> **Your goal**
Copy each line of the records that holds the string "point".

> **Materials provided**
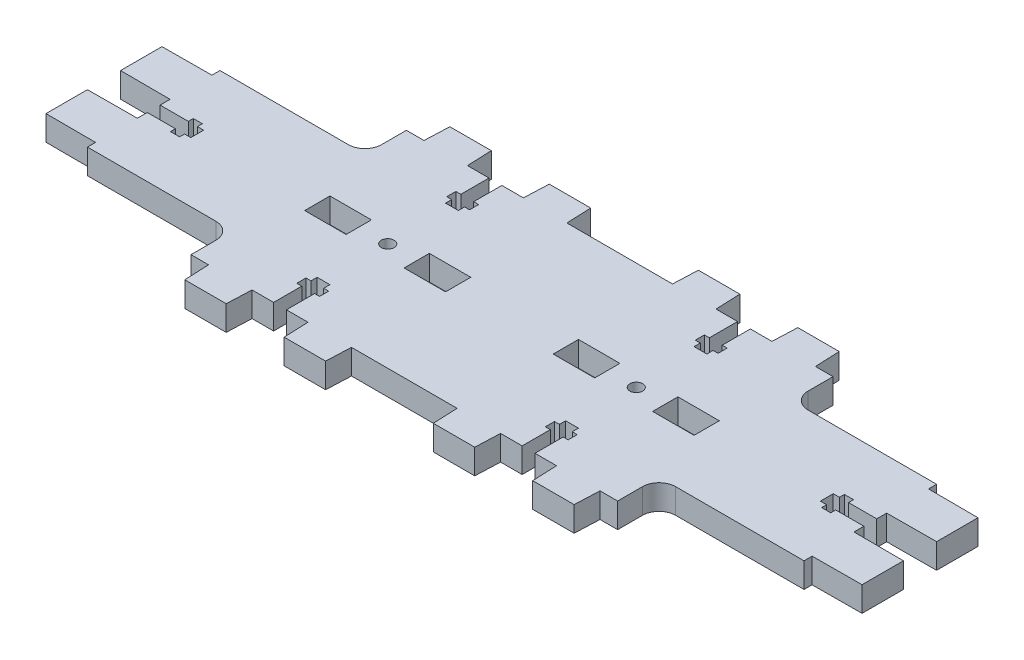
SolidWorks part; units mm, degrees
ref_plane "Спереди" through (0, 0, 0) normal (0, 0, 1) x (1, 0, 0)
ref_plane "Сверху" through (0, 0, 0) normal (0, 1, 0) x (1, 0, 0)
ref_plane "Справа" through (0, 0, 0) normal (1, 0, 0) x (0, 0, -1)
sketch "Эскиз1" plane through (0, 0, 0) normal (0, 1, 0) x (1, 0, 0)
  line L0 (4.2616, -5.7762) -> (4.2616, 0.3238)
  line L1 (14.2616, -5.7762) -> (4.2616, -5.7762)
  line L2 (14.2616, 0.3238) -> (14.2616, -5.7762)
  line L3 (4.2616, 0.3238) -> (14.2616, 0.3238)
  line L4 (-19.7384, -5.7762) -> (-19.7384, 0.3238)
  line L5 (-9.7384, -5.7762) -> (-19.7384, -5.7762)
  line L6 (-9.7384, 0.3238) -> (-9.7384, -5.7762)
  line L7 (-19.7384, 0.3238) -> (-9.7384, 0.3238)
  line L8 (40.2616, 0.3238) -> (40.2616, -5.7762)
  line L9 (40.2616, -5.7762) -> (50.2616, -5.7762)
  line L10 (50.2616, -5.7762) -> (50.2616, 0.3238)
  line L11 (50.2616, 0.3238) -> (40.2616, 0.3238)
  line L12 (40.2616, 29.2738) -> (40.0116, 23.2738)
  line L13 (50.2616, 29.2738) -> (40.2616, 29.2738)
  line L14 (50.5116, 23.2738) -> (50.2616, 29.2738)
  line L15 (55.7116, 23.2738) -> (50.5116, 23.2738)
  line L16 (55.7116, 16.4738) -> (55.7116, 23.2738)
  line L17 (54.5116, 16.4738) -> (55.7116, 16.4738)
  line L18 (54.5116, 14.2738) -> (54.5116, 16.4738)
  line L19 (55.7116, 14.2738) -> (54.5116, 14.2738)
  line L20 (55.7116, 12.7738) -> (55.7116, 14.2738)
  line L21 (58.8116, 12.7738) -> (55.7116, 12.7738)
  line L22 (58.8116, 14.2738) -> (58.8116, 12.7738)
  line L23 (60.0116, 14.2738) -> (58.8116, 14.2738)
  line L24 (60.0116, 16.4738) -> (60.0116, 14.2738)
  line L25 (58.8116, 16.4738) -> (60.0116, 16.4738)
  line L26 (58.8116, 23.2738) -> (58.8116, 16.4738)
  line L27 (64.0116, 23.2738) -> (58.8116, 23.2738)
  line L28 (64.2616, 29.2738) -> (64.0116, 23.2738)
  line L29 (74.2616, 29.2738) -> (64.2616, 29.2738)
  line L30 (74.5116, 23.2738) -> (74.2616, 29.2738)
  line L31 (78.7616, 23.2738) -> (74.5116, 23.2738)
  line L32 (78.7616, 17.2738) -> (78.7616, 23.2738)
  line L33 (113.7616, 13.2738) -> (82.7616, 13.2738)
  line L34 (113.7616, 11.3238) -> (113.7616, 13.2738)
  line L35 (125.7616, 11.2738) -> (113.7616, 11.3238)
  line L36 (125.7616, 1.2738) -> (125.7616, 11.2738)
  line L37 (113.7616, 1.2238) -> (125.7616, 1.2738)
  line L38 (113.7616, -1.1762) -> (113.7616, 1.2238)
  line L39 (106.9616, -1.1762) -> (113.7616, -1.1762)
  line L40 (106.9616, 0.0238) -> (106.9616, -1.1762)
  line L41 (104.7616, 0.0238) -> (106.9616, 0.0238)
  line L42 (104.7616, -1.1762) -> (104.7616, 0.0238)
  line L43 (103.2616, -1.1762) -> (104.7616, -1.1762)
  line L44 (103.2616, -4.2762) -> (103.2616, -1.1762)
  line L45 (104.7616, -4.2762) -> (103.2616, -4.2762)
  line L46 (104.7616, -5.4762) -> (104.7616, -4.2762)
  line L47 (106.9616, -5.4762) -> (104.7616, -5.4762)
  line L48 (106.9616, -4.2762) -> (106.9616, -5.4762)
  line L49 (113.7616, -4.2762) -> (106.9616, -4.2762)
  line L50 (113.7616, -6.6762) -> (113.7616, -4.2762)
  line L51 (125.7616, -6.7262) -> (113.7616, -6.6762)
  line L52 (125.7616, -16.7262) -> (125.7616, -6.7262)
  line L53 (113.7616, -16.7762) -> (125.7616, -16.7262)
  line L54 (113.7616, -18.7262) -> (113.7616, -16.7762)
  line L55 (82.7616, -18.7262) -> (113.7616, -18.7262)
  line L56 (78.7616, -28.7262) -> (78.7616, -22.7262)
  line L57 (74.5116, -28.7262) -> (78.7616, -28.7262)
  line L58 (74.2616, -34.7262) -> (74.5116, -28.7262)
  line L59 (64.2616, -34.7262) -> (74.2616, -34.7262)
  line L60 (64.0116, -28.7262) -> (64.2616, -34.7262)
  line L61 (58.8116, -28.7262) -> (64.0116, -28.7262)
  line L62 (58.8116, -21.9262) -> (58.8116, -28.7262)
  line L63 (60.0116, -21.9262) -> (58.8116, -21.9262)
  line L64 (60.0116, -19.7262) -> (60.0116, -21.9262)
  line L65 (58.8116, -19.7262) -> (60.0116, -19.7262)
  line L66 (58.8116, -18.2262) -> (58.8116, -19.7262)
  line L67 (55.7116, -18.2262) -> (58.8116, -18.2262)
  line L68 (55.7116, -19.7262) -> (55.7116, -18.2262)
  line L69 (54.5116, -19.7262) -> (55.7116, -19.7262)
  line L70 (54.5116, -21.9262) -> (54.5116, -19.7262)
  line L71 (55.7116, -21.9262) -> (54.5116, -21.9262)
  line L72 (55.7116, -28.7262) -> (55.7116, -21.9262)
  line L73 (50.5116, -28.7262) -> (55.7116, -28.7262)
  line L74 (50.2616, -34.7262) -> (50.5116, -28.7262)
  line L75 (40.2616, -34.7262) -> (50.2616, -34.7262)
  line L76 (40.0116, -28.7262) -> (40.2616, -34.7262)
  line L77 (14.5116, -28.7262) -> (40.0116, -28.7262)
  line L78 (14.5116, -28.7262) -> (14.2616, -34.7262)
  line L79 (14.2616, -34.7262) -> (4.2616, -34.7262)
  line L80 (4.2616, -34.7262) -> (4.0116, -28.7262)
  line L81 (4.0116, -28.7262) -> (-1.1884, -28.7262)
  line L82 (-1.1884, -28.7262) -> (-1.1884, -21.9262)
  line L83 (-1.1884, -21.9262) -> (0.0116, -21.9262)
  line L84 (0.0116, -21.9262) -> (0.0116, -19.7262)
  line L85 (0.0116, -19.7262) -> (-1.1884, -19.7262)
  line L86 (-1.1884, -19.7262) -> (-1.1884, -18.2262)
  line L87 (-1.1884, -18.2262) -> (-4.2884, -18.2262)
  line L88 (-4.2884, -18.2262) -> (-4.2884, -19.7262)
  line L89 (-4.2884, -19.7262) -> (-5.4884, -19.7262)
  line L90 (-5.4884, -19.7262) -> (-5.4884, -21.9262)
  line L91 (-5.4884, -21.9262) -> (-4.2884, -21.9262)
  line L92 (-4.2884, -21.9262) -> (-4.2884, -28.7262)
  line L93 (-4.2884, -28.7262) -> (-9.4884, -28.7262)
  line L94 (-9.4884, -28.7262) -> (-9.7384, -34.7262)
  line L95 (-19.7384, -34.7262) -> (-19.9884, -28.7262)
  line L96 (-19.9884, -28.7262) -> (-24.2384, -28.7262)
  line L97 (-24.2384, -28.7262) -> (-24.2384, -22.7262)
  line L98 (-28.2384, -18.7262) -> (-59.2384, -18.7262)
  line L99 (-59.2384, -18.7262) -> (-59.2384, -16.7762)
  line L100 (-59.2384, -16.7762) -> (-71.2384, -16.7262)
  line L101 (-71.2384, -16.7262) -> (-71.2384, -6.7262)
  line L102 (-71.2384, -6.7262) -> (-59.2384, -6.6762)
  line L103 (-59.2384, -6.6762) -> (-59.2384, -4.2762)
  line L104 (-59.2384, -4.2762) -> (-52.4384, -4.2762)
  line L105 (-52.4384, -4.2762) -> (-52.4384, -5.4762)
  line L106 (-52.4384, -5.4762) -> (-50.2384, -5.4762)
  line L107 (-50.2384, -5.4762) -> (-50.2384, -4.2762)
  line L108 (-50.2384, -4.2762) -> (-48.7384, -4.2762)
  line L109 (-48.7384, -4.2762) -> (-48.7384, -1.1762)
  line L110 (-48.7384, -1.1762) -> (-50.2384, -1.1762)
  line L111 (-50.2384, -1.1762) -> (-50.2384, 0.0238)
  line L112 (-50.2384, 0.0238) -> (-52.4384, 0.0238)
  line L113 (-52.4384, 0.0238) -> (-52.4384, -1.1762)
  line L114 (-52.4384, -1.1762) -> (-59.2384, -1.1762)
  line L115 (-59.2384, -1.1762) -> (-59.2384, 1.2238)
  line L116 (-59.2384, 1.2238) -> (-71.2384, 1.2738)
  line L117 (-71.2384, 1.2738) -> (-71.2384, 11.2738)
  line L118 (-71.2384, 11.2738) -> (-59.2384, 11.3238)
  line L119 (-59.2384, 11.3238) -> (-59.2384, 13.2738)
  line L120 (-59.2384, 13.2738) -> (-28.2384, 13.2738)
  line L121 (-24.2384, 17.2738) -> (-24.2384, 23.2738)
  line L122 (-24.2384, 23.2738) -> (-19.9884, 23.2738)
  line L123 (-19.9884, 23.2738) -> (-19.7384, 29.2738)
  line L124 (-19.7384, 29.2738) -> (-9.7384, 29.2738)
  line L125 (-9.7384, 29.2738) -> (-9.4884, 23.2738)
  line L126 (-9.4884, 23.2738) -> (-4.2884, 23.2738)
  line L127 (-4.2884, 23.2738) -> (-4.2884, 16.4738)
  line L128 (-4.2884, 16.4738) -> (-5.4884, 16.4738)
  line L129 (-5.4884, 16.4738) -> (-5.4884, 14.2738)
  line L130 (-5.4884, 14.2738) -> (-4.2884, 14.2738)
  line L131 (-4.2884, 14.2738) -> (-4.2884, 12.7738)
  line L132 (-4.2884, 12.7738) -> (-1.1884, 12.7738)
  line L133 (-1.1884, 12.7738) -> (-1.1884, 14.2738)
  line L134 (-1.1884, 14.2738) -> (0.0116, 14.2738)
  line L135 (0.0116, 14.2738) -> (0.0116, 16.4738)
  line L136 (0.0116, 16.4738) -> (-1.1884, 16.4738)
  line L137 (-1.1884, 16.4738) -> (-1.1884, 23.2738)
  line L138 (-1.1884, 23.2738) -> (4.0116, 23.2738)
  line L139 (4.0116, 23.2738) -> (4.2616, 29.2738)
  line L140 (4.2616, 29.2738) -> (14.2616, 29.2738)
  line L141 (14.2616, 29.2738) -> (14.5116, 23.2738)
  line L142 (40.0116, 23.2738) -> (14.5116, 23.2738)
  line L143 (64.2616, 0.3238) -> (64.2616, -5.7762)
  line L144 (64.2616, -5.7762) -> (74.2616, -5.7762)
  line L145 (74.2616, -5.7762) -> (74.2616, 0.3238)
  line L146 (74.2616, 0.3238) -> (64.2616, 0.3238)
  line L147 (-19.7384, -34.7262) -> (-9.7384, -34.7262)
  circle A0 centre (-2.7384, -2.7262) radius 1.55
  circle A1 centre (57.2616, -2.7262) radius 1.55
  arc A2 (78.7616, 17.2738) -> (82.7616, 13.2738) centre (82.7616, 17.2738) ccw
  arc A3 (82.7616, -18.7262) -> (78.7616, -22.7262) centre (82.7616, -22.7262) ccw
  arc A4 (-24.2384, -22.7262) -> (-28.2384, -18.7262) centre (-28.2384, -22.7262) ccw
  arc A5 (-28.2384, 13.2738) -> (-24.2384, 17.2738) centre (-28.2384, 17.2738) ccw
extrude "Бобышка-Вытянуть1" add sketch "Эскиз1" along normal blind 6
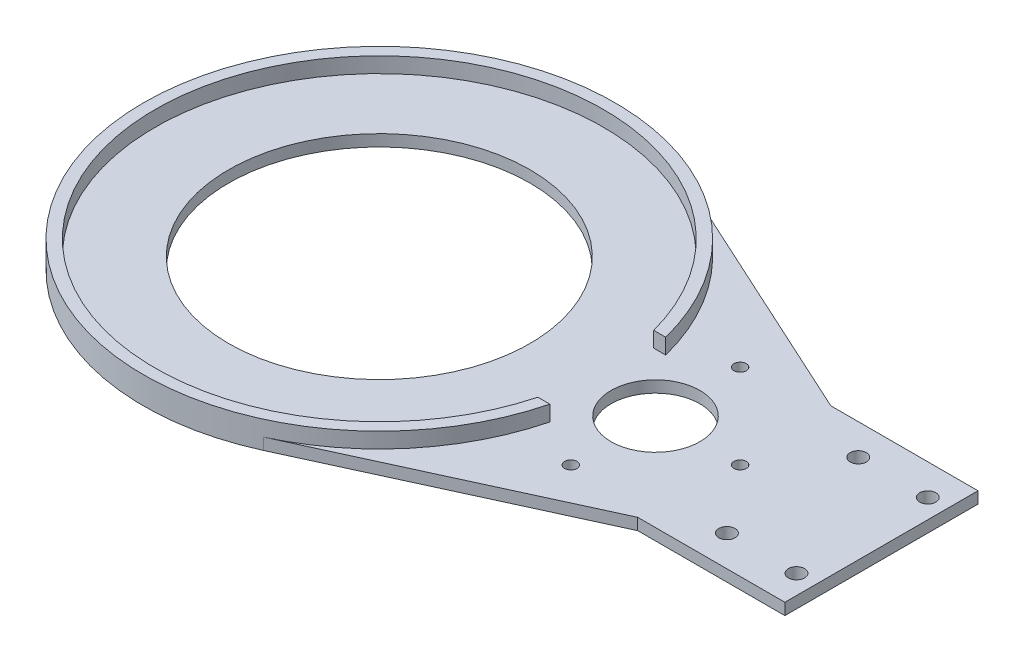
SolidWorks part; units mm, degrees
ref_plane "前视基准面" through (0, 0, 0) normal (0, 0, 1) x (1, 0, 0)
ref_plane "上视基准面" through (0, 0, 0) normal (0, 1, 0) x (1, 0, 0)
ref_plane "右视基准面" through (0, 0, 0) normal (1, 0, 0) x (0, 0, -1)
sketch "草图2" plane through (0, 0, 0) normal (0, 1, 0) x (1, 0, 0)
  line L0 (91.9019, 25) -> (25.4317, 55.4732)
  line L1 (91.9019, 25) -> (130, 25)
  line L3 (91.9019, -25) -> (130, -25)
  line L4 (130, 25) -> (130, -25)
  line L5 (91.9019, -25) -> (25.4317, -55.4732)
  line L6 (0, 0) -> (130, 0) construction
  line L7 (91.9019, 25) -> (91.9019, -25) construction
  arc A0 (25.4317, 55.4732) -> (25.4317, -55.4732) centre (0, 0) ccw
  dimension "D1" = 122.05
  dimension "D3" = 38.0981
  dimension "D4" = 130
  dimension "D2" = 50
extrude "凸台-拉伸3" add sketch "草图2" along normal blind 3
sketch "草图3" plane through (0, 3, 0) normal (0, 1, 0) x (1, 0, 0)
  line L0 (-70.5368, 0) -> (164.9091, 0) construction
  line L5 (130, -25) -> (130, 25) construction
  line L6 (130, 25) -> (91.9019, 25) construction
  line L7 (71.5, 55.0155) -> (71.5, -34.2154) construction
  line L9 (0, 51.0329) -> (0, -40.488) construction
  circle A4 centre (71.5, 0) radius 11.5
  circle A5 centre (0, 0) radius 39
  circle A8 centre (71.5, 21.917) radius 1.6
  circle A9 centre (93.417, 0) radius 1.6
  circle A11 centre (71.5, -21.917) radius 1.6
  circle A12 centre (125, 17) radius 2.1
  circle A13 centre (107, 17) radius 2.1
  circle A14 centre (125, -17) radius 2.1
  circle A15 centre (107, -17) radius 2.1
  point P0 (0, 0)
  dimension "D3" = 3.2
  dimension "D4" = 43.834
  dimension "D8" = 23
  dimension "D9" = 78
  dimension "D2" = 3.2
  dimension "D10" = 4.2
  dimension "D11" = 4.2
  dimension "D1" = 71.5
  dimension "D5" = 21.917
  dimension "D6" = 5
  dimension "D7" = 8
  dimension "D12" = 8
  dimension "D13" = 18
extrude "切除-拉伸1" cut sketch "草图3" against normal through all
sketch "草图4" plane through (0, 0, 0) normal (0, 0, 1) x (1, 0, 0)
  line L0 (0, 38.1765) -> (0, -19.0651) construction
  line L1 (-61.025, 3) -> (-58.025, 3)
  line L2 (-61.025, 3) -> (-61.025, 7)
  line L3 (-61.025, 7) -> (-58.025, 7)
  line L4 (-58.025, 3) -> (-58.025, 7)
  dimension "D1" = 4
  dimension "D2" = 3
revolve "旋转1" add sketch "草图4" angle 360 about L0
ref_plane "基准面1" through (61.025, 0, 0) normal (1, 0, 0) x (0, 0, -1)
sketch "草图6" plane through (61.025, 0, 0) normal (1, 0, 0) x (0, 0, -1)
  line L0 (0, 0) -> (0, 9.4535) construction
  line L1 (-25, 3) -> (25, 3) construction
  line L2 (15, 3) -> (-15, 3)
  line L4 (15, 13) -> (-15, 13)
  line L5 (-15, 3) -> (-15, 13)
  line L6 (15, 3) -> (15, 13)
  point P10 (0, 3)
  point P11 (0, 13)
  dimension "D1" = 30
  dimension "D2" = 10
extrude "切除-拉伸3" cut sketch "草图6" against normal blind 10

> **Exercise output**
  point P0 (0, 0)
  point P10 (0, 3)
  point P11 (0, 13)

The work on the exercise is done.